▸ What is required:
Word for word, restate the lines from the top of the records below through the line with "import ezdxf", both included, with no pictures in the result.

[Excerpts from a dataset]
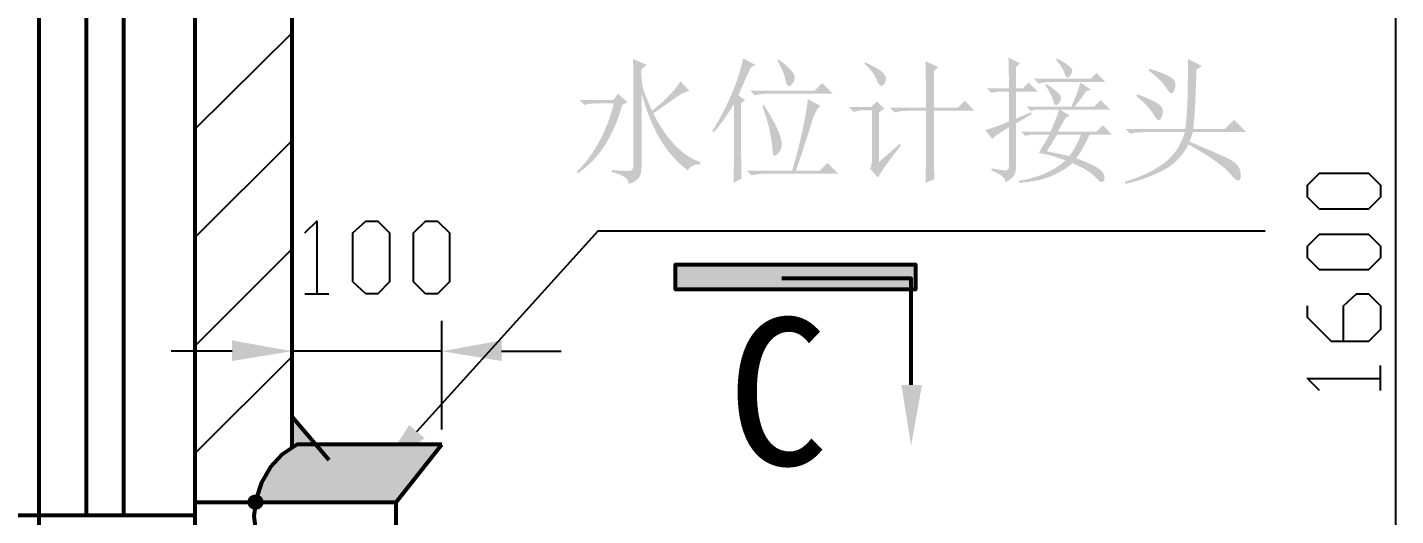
# Model space of a CAD drawing. Header units: millimetres. Extents: x 0 to 841, y 0 to 1189.
# Drawn here: x 280.6 to 334, y 437.8 to 456.9 of the extents above; entities that cross this region are included whole.
import ezdxf

# ---------------------------------------------------------------- set-up
doc = ezdxf.new("R2010")
doc.units = ezdxf.units.MM
doc.layers.add('C00-00-00', color=7, linetype='Continuous')
doc.layers.add('C00-FF-FF', color=4, linetype='Continuous', true_color=0x00ffff)

msp = doc.modelspace()

# ---------------------------------------------------------------- hatches: boundary and pattern name
at = {"layer": 'C00-00-00'}
h = msp.add_hatch(color=256, dxfattribs=at)
edge = h.paths.add_edge_path(flags=0)
edge.add_spline(control_points=[(304.24805, 455.627214), (304.24805, 455.627214), (304.788792, 455.39846), (304.788792, 455.39846), (304.788792, 455.39846), (304.580984, 455.231993), (304.580984, 455.231993), (304.566652, 454.912839), (304.594213, 454.642193), (304.663666, 454.420604), (304.73312, 454.198464), (304.843914, 453.927818), (304.997152, 453.608664), (305.537894, 454.052392), (305.905554, 454.433833), (306.099582, 454.753538), (306.099582, 454.753538), (306.453462, 454.378712), (306.453462, 454.378712), (306.314556, 454.36438), (306.137616, 454.281147), (305.922642, 454.129011), (305.707668, 453.976325), (305.412768, 453.768516), (305.038493, 453.505036), (305.579235, 452.464341), (306.18943, 451.832648), (306.86963, 451.61106), (306.86963, 451.61106), (306.86963, 451.527826), (306.86963, 451.527826), (306.606149, 451.514046), (306.446297, 451.430812), (306.391175, 451.278126), (305.544508, 451.902102), (304.941479, 452.915235), (304.580984, 454.316424), (304.580984, 454.316424), (304.580984, 451.403252), (304.580984, 451.403252), (304.594213, 451.056537), (304.427746, 450.841563), (304.081583, 450.757779), (304.094812, 450.952358), (303.879838, 451.105044), (303.43611, 451.215838), (303.43611, 451.215838), (303.43611, 451.299072), (303.43611, 451.299072), (303.755264, 451.271511), (303.973545, 451.25718), (304.091505, 451.25718), (304.209465, 451.25718), (304.268445, 451.340413), (304.268445, 451.507431), (304.268445, 451.507431), (304.268445, 454.857167), (304.268445, 454.857167), (304.268445, 455.120648), (304.261279, 455.377514), (304.24805, 455.627214), (304.24805, 455.627214), (304.24805, 455.627214), (304.24805, 455.627214)], knot_values=[0, 0, 0, 0, 1, 1, 1, 2, 2, 2, 3, 3, 3, 4, 4, 4, 5, 5, 5, 6, 6, 6, 7, 7, 7, 8, 8, 8, 9, 9, 9, 10, 10, 10, 11, 11, 11, 12, 12, 12, 13, 13, 13, 14, 14, 14, 15, 15, 15, 16, 16, 16, 17, 17, 17, 18, 18, 18, 19, 19, 19, 20, 20, 20, 21, 21, 21, 21], degree=3, periodic=1)
edge = h.paths.add_edge_path(flags=0)
edge.add_spline(control_points=[(302.104374, 451.173946), (302.104374, 451.173946), (302.063033, 451.236785), (302.063033, 451.236785), (302.756462, 451.930213), (303.234916, 452.81767), (303.498948, 453.900257), (303.498948, 453.900257), (302.853475, 453.900257), (302.853475, 453.900257), (302.673228, 453.900257), (302.506761, 453.879311), (302.354074, 453.83797), (302.354074, 453.83797), (302.167212, 454.024832), (302.167212, 454.024832), (302.167212, 454.024832), (303.478002, 454.024832), (303.478002, 454.024832), (303.478002, 454.024832), (303.665416, 454.274532), (303.665416, 454.274532), (303.665416, 454.274532), (304.039691, 453.941598), (304.039691, 453.941598), (304.039691, 453.941598), (303.831883, 453.83797), (303.831883, 453.83797), (303.484617, 452.603247), (302.909148, 451.71524), (302.104374, 451.173946), (302.104374, 451.173946), (302.104374, 451.173946), (302.104374, 451.173946)], knot_values=[0, 0, 0, 0, 1, 1, 1, 2, 2, 2, 3, 3, 3, 4, 4, 4, 5, 5, 5, 6, 6, 6, 7, 7, 7, 8, 8, 8, 9, 9, 9, 10, 10, 10, 11, 11, 11, 11], degree=3, periodic=1)
h = msp.add_hatch(color=256, dxfattribs=at)
edge = h.paths.add_edge_path(flags=0)
edge.add_spline(control_points=[(308.16708, 450.799671), (308.18031, 451.21639), (308.187475, 452.242201), (308.187475, 453.879311), (307.896434, 453.39369), (307.632953, 453.026029), (307.397033, 452.776329), (307.397033, 452.776329), (307.334745, 452.818221), (307.334745, 452.818221), (307.598226, 453.233838), (307.837454, 453.684732), (308.052428, 454.170352), (308.267402, 454.655973), (308.43001, 455.148759), (308.541356, 455.648161), (308.541356, 455.648161), (309.01981, 455.39846), (309.01981, 455.39846), (309.01981, 455.39846), (308.832948, 455.29428), (308.832948, 455.29428), (308.610809, 454.794879), (308.450956, 454.433833), (308.353942, 454.212245), (308.353942, 454.212245), (308.624589, 454.024832), (308.624589, 454.024832), (308.624589, 454.024832), (308.458122, 453.900257), (308.458122, 453.900257), (308.458122, 452.235587), (308.464737, 451.257731), (308.479068, 450.966138), (308.479068, 450.966138), (308.16708, 450.799671), (308.16708, 450.799671)], knot_values=[0, 0, 0, 0, 1, 1, 1, 2, 2, 2, 3, 3, 3, 4, 4, 4, 5, 5, 5, 6, 6, 6, 7, 7, 7, 8, 8, 8, 9, 9, 9, 10, 10, 10, 11, 11, 11, 12, 12, 12, 12], degree=3, periodic=1)
edge = h.paths.add_edge_path(flags=0)
edge.add_spline(control_points=[(309.873092, 455.564927), (309.873092, 455.564927), (309.935379, 455.606268), (309.935379, 455.606268), (310.337766, 455.300895), (310.542267, 455.079306), (310.549433, 454.9404), (310.556047, 454.801494), (310.507541, 454.6907), (310.403912, 454.607466), (310.299732, 454.524233), (310.230279, 454.58652), (310.195553, 454.794879), (310.160826, 455.002687), (310.053339, 455.259554), (309.873092, 455.564927), (309.873092, 455.564927), (309.873092, 455.564927), (309.873092, 455.564927)], knot_values=[0, 0, 0, 0, 1, 1, 1, 2, 2, 2, 3, 3, 3, 4, 4, 4, 5, 5, 5, 6, 6, 6, 6], degree=3, periodic=1)
edge = h.paths.add_edge_path(flags=0)
edge.add_spline(control_points=[(308.812002, 454.399658), (308.812002, 454.399658), (311.329954, 454.399658), (311.329954, 454.399658), (311.329954, 454.399658), (311.620995, 454.6907), (311.620995, 454.6907), (311.620995, 454.6907), (312.037163, 454.274532), (312.037163, 454.274532), (312.037163, 454.274532), (309.47787, 454.274532), (309.47787, 454.274532), (309.311403, 454.274532), (309.151551, 454.253586), (308.999416, 454.212245), (308.999416, 454.212245), (308.812002, 454.399658), (308.812002, 454.399658)], knot_values=[0, 0, 0, 0, 1, 1, 1, 2, 2, 2, 3, 3, 3, 4, 4, 4, 5, 5, 5, 6, 6, 6, 6], degree=3, periodic=1)
edge = h.paths.add_edge_path(flags=0)
edge.add_spline(control_points=[(309.290457, 453.796077), (309.290457, 453.796077), (309.352745, 453.83797), (309.352745, 453.83797), (309.699459, 453.282896), (309.914433, 452.866728), (309.997666, 452.589467), (310.0809, 452.311654), (310.053339, 452.099988), (309.914433, 451.954467), (309.775527, 451.808946), (309.702766, 451.819419), (309.696152, 451.985886), (309.688986, 452.152353), (309.657567, 452.387722), (309.602445, 452.693095), (309.546772, 452.998469), (309.442593, 453.366129), (309.290457, 453.796077), (309.290457, 453.796077), (309.290457, 453.796077), (309.290457, 453.796077)], knot_values=[0, 0, 0, 0, 1, 1, 1, 2, 2, 2, 3, 3, 3, 4, 4, 4, 5, 5, 5, 6, 6, 6, 7, 7, 7, 7], degree=3, periodic=1)
edge = h.paths.add_edge_path(flags=0)
edge.add_spline(control_points=[(311.059307, 454.066724), (311.059307, 454.066724), (311.558708, 453.796077), (311.558708, 453.796077), (311.433582, 453.726624), (311.308456, 453.483538), (311.183882, 453.067371), (311.059307, 452.651203), (310.864728, 452.054788), (310.601247, 451.278126), (310.601247, 451.278126), (311.537762, 451.278126), (311.537762, 451.278126), (311.537762, 451.278126), (311.829355, 451.569719), (311.829355, 451.569719), (311.829355, 451.569719), (312.245522, 451.153551), (312.245522, 451.153551), (312.245522, 451.153551), (309.373691, 451.153551), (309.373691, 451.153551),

▸ Output of the task:
# Model space of a CAD drawing. Header units: millimetres. Extents: x 0 to 841, y 0 to 1189.
# Drawn here: x 280.6 to 334, y 437.8 to 456.9 of the extents above; entities that cross this region are included whole.
import ezdxf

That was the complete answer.